Saturday, June 19, 2010

Buses, Spanish, and Jesus

I was writing the title for this, and I almost typed in "Jesus!" but I realized I had already titled a blog that way. I wondered if I should get more original and stop having "Jesus" in my titles - but then I realized that that's exactly what I want! Jesus everywhere. Not that I want to throw his name around in a flippant manner, but my true desire is that my time here be saturated with Jesus.

The Lord has really been teaching me a lot. I have been thinking about how I limit my conversations and interactions with people to what "I can do." The truth is, I am not limited to what I can do. I have a God who is able to do "immeasurably more than all we can ask or imagine!" So, I prayed for courage and for words. In the past twenty four hours, I have had two opportunities to share with complete strangers about Jesus.

First, I was on the bus, sitting by myself away from the other interns. I was behind two women with a young baby. The Lord kept at me, "April, babies are great conversation starters..." Eventually, after a lot of prayer for courage to venture out with my Spanish, I began talking with them. I started by asking them how old the baby was and eventually asked them if she was going to be baptized. In Mexico, it is huge to baptize children; it is tradition. Of course, they told me yes in a Catholic church. So I began to talk with them about what they thought baptism was. I could give so many details, but to keep the story short, we ended up talking through basic beliefs about Christ. They believed that they needed Christ to get to heaven, but they also said that their good works could get them in. I shared with them how the Bible teaches that nothing we do merits salvation, that only through believing that Christ died for us can we enter heaven. After a long conversation, they promised me that they would read John 3 tonight.
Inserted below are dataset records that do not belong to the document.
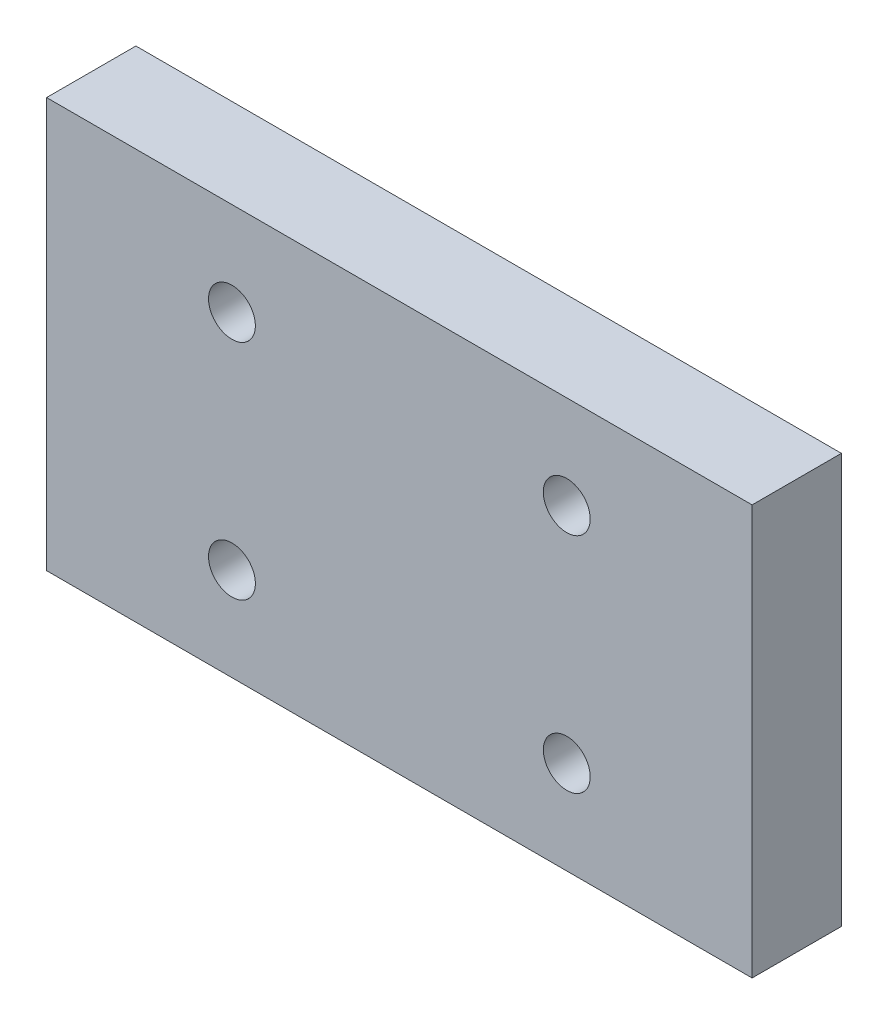
SolidWorks part; units mm, degrees
ref_plane "前视基准面" through (0, 0, 0) normal (0, 0, 1) x (1, 0, 0)
ref_plane "上视基准面" through (0, 0, 0) normal (0, 1, 0) x (1, 0, 0)
ref_plane "右视基准面" through (0, 0, 0) normal (1, 0, 0) x (0, 0, -1)
sketch "Sketch1" plane through (0, 0, 0) normal (0, 0, 1) x (1, 0, 0)
  line L0 (11.1455, -146) -> (41.1455, -166) construction
  line L1 (41.1455, -146) -> (11.1455, -146) construction
  line L2 (41.1455, -146) -> (41.1455, -166) construction
  line L3 (41.1455, -166) -> (11.1455, -166) construction
  line L4 (11.1455, -146) -> (11.1455, -166) construction
  line L6 (-5.4604, -137.6441) -> (57.7514, -137.6441)
  line L7 (-5.4604, -137.6441) -> (-5.4604, -174.3559)
  line L8 (-5.4604, -174.3559) -> (57.7514, -174.3559)
  line L9 (57.7514, -137.6441) -> (57.7514, -174.3559)
  line L10 (26.1455, -174.3559) -> (26.1455, -137.6441) construction
  line L11 (-5.4604, -156) -> (57.7514, -156) construction
  circle A4 centre (11.1455, -146) radius 2.1
  circle A5 centre (41.1455, -146) radius 2.1
  circle A6 centre (11.1455, -166) radius 2.1
  circle A7 centre (41.1455, -166) radius 2.1
  point P8 (26.1455, -156)
  dimension "D3" = 4.2
  dimension "D1" = 30
  dimension "D2" = 20
extrude "Boss-Extrude1" add sketch "Sketch1" along normal blind 8
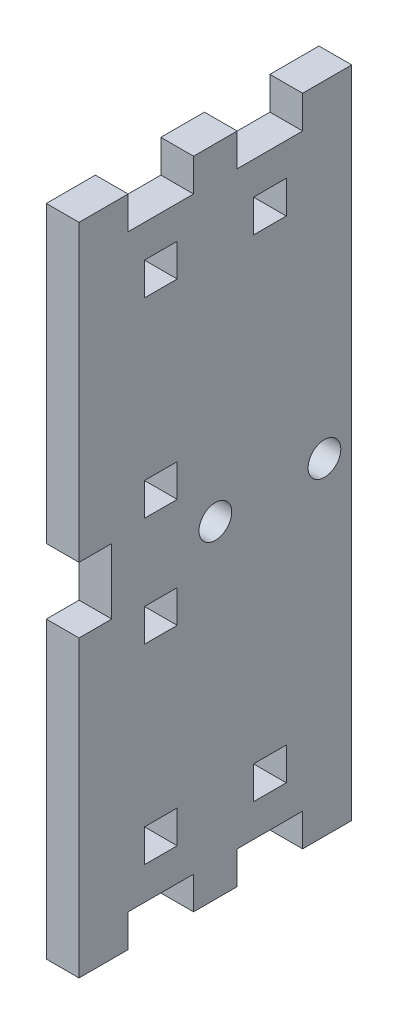
SolidWorks part; units mm, degrees
ref_plane "Front Plane" through (0, 0, 0) normal (0, 0, 1) x (1, 0, 0)
ref_plane "Top Plane" through (0, 0, 0) normal (0, 1, 0) x (1, 0, 0)
ref_plane "Right Plane" through (0, 0, 0) normal (1, 0, 0) x (0, 0, -1)
sketch "Sketch1" plane through (0, 0, 0) normal (1, 0, 0) x (0, 0, -1)
  line L0 (8, 30) -> (12.5, 30)
  line L1 (-12.5, 30) -> (-8, 30)
  line L2 (-12.5, 30) -> (-12.5, -30)
  line L3 (-12.5, -30) -> (-8, -30)
  line L4 (12.5, 30) -> (12.5, -30)
  line L7 (-8, 30) -> (-8, 27)
  line L8 (-2, 30) -> (-2, 27)
  line L9 (-8, 27) -> (-2, 27)
  line L10 (-2, -30) -> (2, -30)
  line L11 (2, 30) -> (2, 27)
  line L12 (8, 30) -> (8, 27)
  line L13 (2, 27) -> (8, 27)
  line L14 (-2, 30) -> (2, 30)
  line L16 (-8, -30) -> (-8, -27)
  line L17 (2, -27) -> (8, -27)
  line L18 (8, -27) -> (8, -30)
  line L19 (2, -30) -> (2, -27)
  line L20 (-8, -27) -> (-2, -27)
  line L21 (-2, -30) -> (-2, -27)
  line L22 (8, -30) -> (12.5, -30)
  point P0 (0, 0)
  point P6 (5, 27)
  point P15 (-5, 27)
  dimension "D1" = 25
  dimension "D2" = 60
  dimension "D3" = 6
  dimension "D4" = 6
  dimension "D5" = 3
  dimension "D6" = 3
  dimension "D7" = 7.5
  dimension "D8" = 7.5
extrude "Boss-Extrude1" add sketch "Sketch1" along normal blind 3
sketch "Sketch2" plane through (3, 0, 0) normal (1, 0, 0) x (0, 0, -1)
  line L0 (-18.5174, 0) -> (21.8209, 0) construction
  line L1 (-21.3613, 24) -> (23.7629, 24) construction
  line L2 (-2, 27) -> (-8, 27) construction
  line L3 (-6.5, 24) -> (-3.5, 24)
  line L4 (-6.5, 24) -> (-6.5, 21)
  line L5 (-3.5, 24) -> (-3.5, 21)
  line L6 (-6.5, 21) -> (-3.5, 21)
  line L7 (3.5, 24) -> (6.5, 24)
  line L8 (3.5, 24) -> (3.5, 21)
  line L9 (6.5, 24) -> (6.5, 21)
  line L10 (3.5, 21) -> (6.5, 21)
  line L11 (-12.5, 30) -> (-12.5, -30) construction
  line L12 (12.5, -30) -> (12.5, 30) construction
  line L13 (3.5, -21) -> (6.5, -21)
  line L14 (6.5, -24) -> (6.5, -21)
  line L15 (3.5, -24) -> (3.5, -21)
  line L16 (3.5, -24) -> (6.5, -24)
  line L17 (-6.5, -21) -> (-3.5, -21)
  line L18 (-3.5, -24) -> (-3.5, -21)
  line L19 (-6.5, -24) -> (-6.5, -21)
  line L20 (-6.5, -24) -> (-3.5, -24)
  point P16 (-5, 21)
  point P17 (5, 21)
  dimension "D1" = 3
  dimension "D2" = 3
  dimension "D3" = 3
  dimension "D4" = 3
  dimension "D5" = 3
  dimension "D6" = 7.5
  dimension "D7" = 7.5
extrude "Cut-Extrude1" cut sketch "Sketch2" against normal blind 3
sketch "Sketch3" plane through (3, 0, 0) normal (1, 0, 0) x (0, 0, -1)
  line L0 (-17.2913, 0) -> (34.7645, 0) construction
  circle A0 centre (0, 0) radius 1.5
  circle A1 centre (10, 0) radius 1.5
  dimension "D1" = 3
  dimension "D2" = 3
  dimension "D3" = 10
extrude "Cut-Extrude2" cut sketch "Sketch3" against normal blind 3
sketch "Sketch4" plane through (3, 0, 0) normal (1, 0, 0) x (0, 0, -1)
  line L0 (-18.3572, 0) -> (17.3444, 0) construction
  line L1 (-12.5, -3) -> (-12.5, 3)
  line L2 (-12.5, -3) -> (-9.5, -3)
  line L3 (-12.5, 3) -> (-9.5, 3)
  line L4 (-9.5, -3) -> (-9.5, 3)
  line L5 (-12.5, 30) -> (-12.5, -30) construction
  line L6 (-6.5, 10.0063) -> (-6.5, -10.1724) construction
  line L7 (-6.5, 3.5) -> (-6.5, 6.5)
  line L8 (-6.5, 3.5) -> (-3.5, 3.5)
  line L9 (-6.5, 6.5) -> (-3.5, 6.5)
  line L10 (-3.5, 3.5) -> (-3.5, 6.5)
  line L11 (-6.5, -3.5) -> (-6.5, -6.5)
  line L12 (-6.5, -3.5) -> (-3.5, -3.5)
  line L13 (-6.5, -6.5) -> (-3.5, -6.5)
  line L14 (-3.5, -3.5) -> (-3.5, -6.5)
  point P11 (-6.5, 5)
  point P20 (-6.5, -5)
  dimension "D1" = 6
  dimension "D2" = 3
  dimension "D3" = 3
  dimension "D4" = 6
  dimension "D5" = 3
  dimension "D6" = 3
  dimension "D7" = 3
  dimension "D8" = 3
  dimension "D9" = 5
  dimension "D10" = 5
extrude "Cut-Extrude3" cut sketch "Sketch4" against normal blind 10

They seemed to have a very elementary understanding of Jesus, and I hope that our conversation leads them into the Word. Since they already "believed" in Jesus, all I could do was try to steer them toward a correct understanding of the only Way to heaven. It's all up to the Spirit now!

Then today, I had a HARD conversation on the beach with a gentleman. Please be praying for him! He has some very wrong beliefs about reincarnation and such. He was definitely not open to any other beliefs, but yet he really wanted to talk with me about beliefs. I asked him (in Spanish), "If you were wrong, would you want to know it?" He told me he was certain he knew the truth. I told him, "La verdad se llama Jesus Christ." (The truth's name is Jesus Christ.) Pray for all of these people, please!

Please continue to pray for courage for me, for drive to go beyond my potential and trust God to give me words. I am starting to really fall in love with these people, as I pray more and more that God will give me a heart for them.

In His hands I stand - broken and content.